- Born: Jeffrey Kenneth Aronson 1947 (age 78–79)

= Jeffrey Aronson =

British clinical pharmacologist (born 1947)

Jeffrey Kenneth Aronson (born 1947) is a British physician, clinical pharmacologist, and medical journalist, currently working at the Centre for Evidence-Based Medicine in Oxford.

== Education ==
Aronson studied at the University of Glasgow from 1964 to 1970, qualifying with the degree of MBChB, and after primary medical training in Glasgow hospitals (MRCP 1973) joined the Medical Research Council's Unit and University Department of Clinical Pharmacology in Oxford, qualifying DPhil Oxon in 1977.

== Career ==
After further clinical and scientific training, in 1980 he became Wellcome Lecturer and Consultant in Clinical Pharmacology and later Reader in Clinical Pharmacology at the University of Oxford and an honorary consultant physician in the Oxford Radcliffe Hospitals Trust until 2014. He now works as an Honorary Consultant Physician and Clinical Pharmacologist in the Centre for Evidence Based Medicine in the Nuffield Department of Primary Care Health Sciences in Oxford.

He served as president of the British Pharmacological Society in 2008–2009; as vice-chairman of the Medicines Commission from 2002 to 2005; and as editor-in-chief of the British Journal of Clinical Pharmacology from 2002 to 2007. He also served as chair of the British Pharmacopoeia Commission's Expert Advisory Group on Nomenclature from 2006 to 2021 and currently chairs its successor committee, the Joint Expert Advisory Groups on Pharmacy and Nomenclature. He is a member of the World Health Organization’s Expert Advisory Panel on International Pharmacopoeia and Pharmaceutical Preparations. He was a member of the Formulary Committees of the British National Formulary from 2006 to 2012, and of the British National Formulary for Children from 2003 to 2012

He was elected a Fellow of the Royal College of Physicians in 1985, an Honorary Fellow of the Faculty of Pharmaceutical Medicine in 2007, and an Honorary Fellow of the British Pharmacological Society in 2014. He was made an Honorary Member of the International Society of Pharmacovigilance (ISoP) in 2024.
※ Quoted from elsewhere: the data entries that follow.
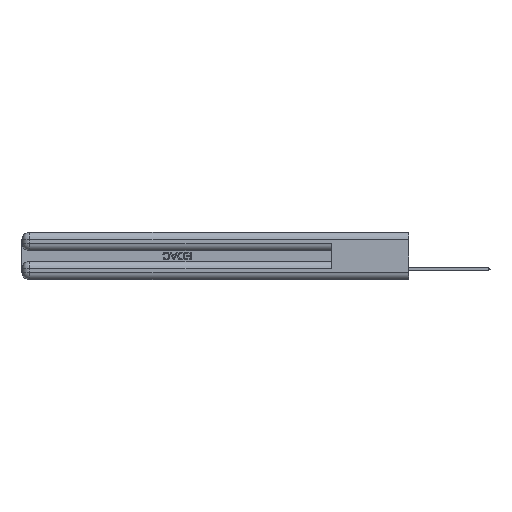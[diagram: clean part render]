
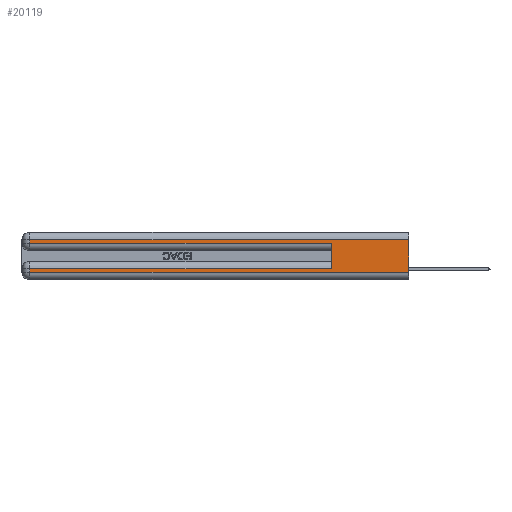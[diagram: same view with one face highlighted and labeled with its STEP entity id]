
A CAD part, left-side view. The second image highlights one B-rep face of the part: STEP entity #20119.
In plain terms, the highlighted planar face has unit normal (-1, 0, 0).
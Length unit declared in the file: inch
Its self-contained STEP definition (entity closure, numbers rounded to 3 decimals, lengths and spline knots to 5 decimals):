
#692 = CARTESIAN_POINT ( 'NONE',  ( 0., 0.6, 0.285 ) ) ;
#1391 = CARTESIAN_POINT ( 'NONE',  ( 0., 0., 0.06 ) ) ;
#1511 = DIRECTION ( 'NONE',  ( 0., 0., -1. ) ) ;
#1672 = CARTESIAN_POINT ( 'NONE',  ( 0., 2.94, 0.285 ) ) ;
#3334 = LINE ( 'NONE', #32497, #14576 ) ;
#4209 = LINE ( 'NONE', #17449, #25488 ) ;
#4825 = ORIENTED_EDGE ( 'NONE', *, *, #7024, .T. ) ;
#6085 = AXIS2_PLACEMENT_3D ( 'NONE', #33636, #9893, #1511 ) ;
#7024 = EDGE_CURVE ( 'NONE', #47210, #20195, #24245, .T. ) ;
#7118 = LINE ( 'NONE', #19987, #22150 ) ;
#8209 = VECTOR ( 'NONE', #48656, 39.37008 ) ;
#9893 = DIRECTION ( 'NONE',  ( 1., 0., 0. ) ) ;
#9967 = DIRECTION ( 'NONE',  ( 0., 0., -1. ) ) ;
#10492 = CARTESIAN_POINT ( 'NONE',  ( 0., 0., 0.37 ) ) ;
#10573 = CARTESIAN_POINT ( 'NONE',  ( 0., 0., 0.31 ) ) ;
#10918 = EDGE_CURVE ( 'NONE', #47210, #40849, #50688, .T. ) ;
#14152 = CARTESIAN_POINT ( 'NONE',  ( 0., 0.6, 0.085 ) ) ;
#14576 = VECTOR ( 'NONE', #36500, 39.37008 ) ;
#15882 = LINE ( 'NONE', #45203, #20222 ) ;
#16097 = ORIENTED_EDGE ( 'NONE', *, *, #31160, .T. ) ;
#16208 = VERTEX_POINT ( 'NONE', #1672 ) ;
#17449 = CARTESIAN_POINT ( 'NONE',  ( 0., 0., 0.285 ) ) ;
#17839 = CARTESIAN_POINT ( 'NONE',  ( 0., 2.94, 0.37 ) ) ;
#17957 = VECTOR ( 'NONE', #22334, 39.37008 ) ;
#18866 = VECTOR ( 'NONE', #38415, 39.37008 ) ;
#19987 = CARTESIAN_POINT ( 'NONE',  ( 0., 0.6, 0.145 ) ) ;
#20119 = ADVANCED_FACE ( 'NONE', ( #32154 ), #37644, .F. ) ;
#20195 = VERTEX_POINT ( 'NONE', #29638 ) ;
#20222 = VECTOR ( 'NONE', #41585, 39.37008 ) ;
#20231 = CARTESIAN_POINT ( 'NONE',  ( 0., 2.94, 0.085 ) ) ;
#22150 = VECTOR ( 'NONE', #23591, 39.37008 ) ;
#22334 = DIRECTION ( 'NONE',  ( 0., 1., 0. ) ) ;
#23591 = DIRECTION ( 'NONE',  ( 0., 0., 1. ) ) ;
#23642 = VERTEX_POINT ( 'NONE', #20231 ) ;
#23668 = VERTEX_POINT ( 'NONE', #692 ) ;
#23804 = EDGE_CURVE ( 'NONE', #16208, #23668, #4209, .T. ) ;
#24199 = ORIENTED_EDGE ( 'NONE', *, *, #10918, .F. ) ;
#24245 = LINE ( 'NONE', #10573, #17957 ) ;
#24869 = VERTEX_POINT ( 'NONE', #34053 ) ;
#25488 = VECTOR ( 'NONE', #29474, 39.37008 ) ;
#29474 = DIRECTION ( 'NONE',  ( 0., -1., 0. ) ) ;
#29638 = CARTESIAN_POINT ( 'NONE',  ( 0., 2.94, 0.31 ) ) ;
#30240 = ORIENTED_EDGE ( 'NONE', *, *, #31824, .T. ) ;
#31160 = EDGE_CURVE ( 'NONE', #20195, #16208, #3334, .T. ) ;
#31824 = EDGE_CURVE ( 'NONE', #24869, #40849, #31987, .T. ) ;
#31987 = LINE ( 'NONE', #1391, #8209 ) ;
#32154 = FACE_OUTER_BOUND ( 'NONE', #51208, .T. ) ;
#32300 = VERTEX_POINT ( 'NONE', #14152 ) ;
#32497 = CARTESIAN_POINT ( 'NONE',  ( 0., 2.94, 0.37 ) ) ;
#32539 = ORIENTED_EDGE ( 'NONE', *, *, #34453, .T. ) ;
#33636 = CARTESIAN_POINT ( 'NONE',  ( 0., 0., 0.37 ) ) ;
#34053 = CARTESIAN_POINT ( 'NONE',  ( 0., 2.94, 0.06 ) ) ;
#34453 = EDGE_CURVE ( 'NONE', #32300, #23642, #15882, .T. ) ;
#34486 = LINE ( 'NONE', #17839, #47527 ) ;
#35762 = EDGE_CURVE ( 'NONE', #23642, #24869, #34486, .T. ) ;
#36500 = DIRECTION ( 'NONE',  ( 0., 0., -1. ) ) ;
#37644 = PLANE ( 'NONE',  #6085 ) ;
#38415 = DIRECTION ( 'NONE',  ( 0., 0., -1. ) ) ;
#39995 = CARTESIAN_POINT ( 'NONE',  ( 0., 0., 0.06 ) ) ;
#40184 = ORIENTED_EDGE ( 'NONE', *, *, #44983, .F. ) ;
#40849 = VERTEX_POINT ( 'NONE', #39995 ) ;
#41585 = DIRECTION ( 'NONE',  ( 0., 1., 0. ) ) ;
#41789 = ORIENTED_EDGE ( 'NONE', *, *, #35762, .T. ) ;
#44983 = EDGE_CURVE ( 'NONE', #32300, #23668, #7118, .T. ) ;
#45203 = CARTESIAN_POINT ( 'NONE',  ( 0., 0., 0.085 ) ) ;
#46422 = CARTESIAN_POINT ( 'NONE',  ( 0., 0., 0.31 ) ) ;
#47210 = VERTEX_POINT ( 'NONE', #46422 ) ;
#47527 = VECTOR ( 'NONE', #9967, 39.37008 ) ;
#48656 = DIRECTION ( 'NONE',  ( 0., -1., 0. ) ) ;
#50130 = ORIENTED_EDGE ( 'NONE', *, *, #23804, .T. ) ;
#50688 = LINE ( 'NONE', #10492, #18866 ) ;
#51208 = EDGE_LOOP ( 'NONE', ( #24199, #4825, #16097, #50130, #40184, #32539, #41789, #30240 ) ) ;

He has been listed as one of the Makers of Modern Biomedicine and in 2016 was the subject of a recorded interview by Professor E M Tansey, on behalf of the Wellcome Trust’s History of Modern Biomedicine Research Group.

He served as Oxford University Assessor during 1989 and 1990.

== Publications ==
He has published over 200 original scientific papers and over 300 reviews and editorial reviews in peer-reviewed bioscience journals. He publishes a weekly opinion column in the BMJ under the general heading "When I Use a Word". Starting in 1997, he edited volumes 20-35 of the Side Effects of Drugs Annual. He edited the 15th and 16th editions (Elsevier, 2006 and 2016) of Meyler’s Side Effects of Drugs—The International Encyclopedia of Adverse Drug Reactions and Interactions. Together with John Talbot, he edited the 6th edition of Stephens’ Detection and Evaluation of Adverse Drug Reactions: Principles and Practice (Wiley-Blackwell, 2011), and, with Paul Glasziou and Les Irwig, Evidence-based Medical Monitoring: From Principles to Practice (Blackwell Publishing/BMJ Books, 2008).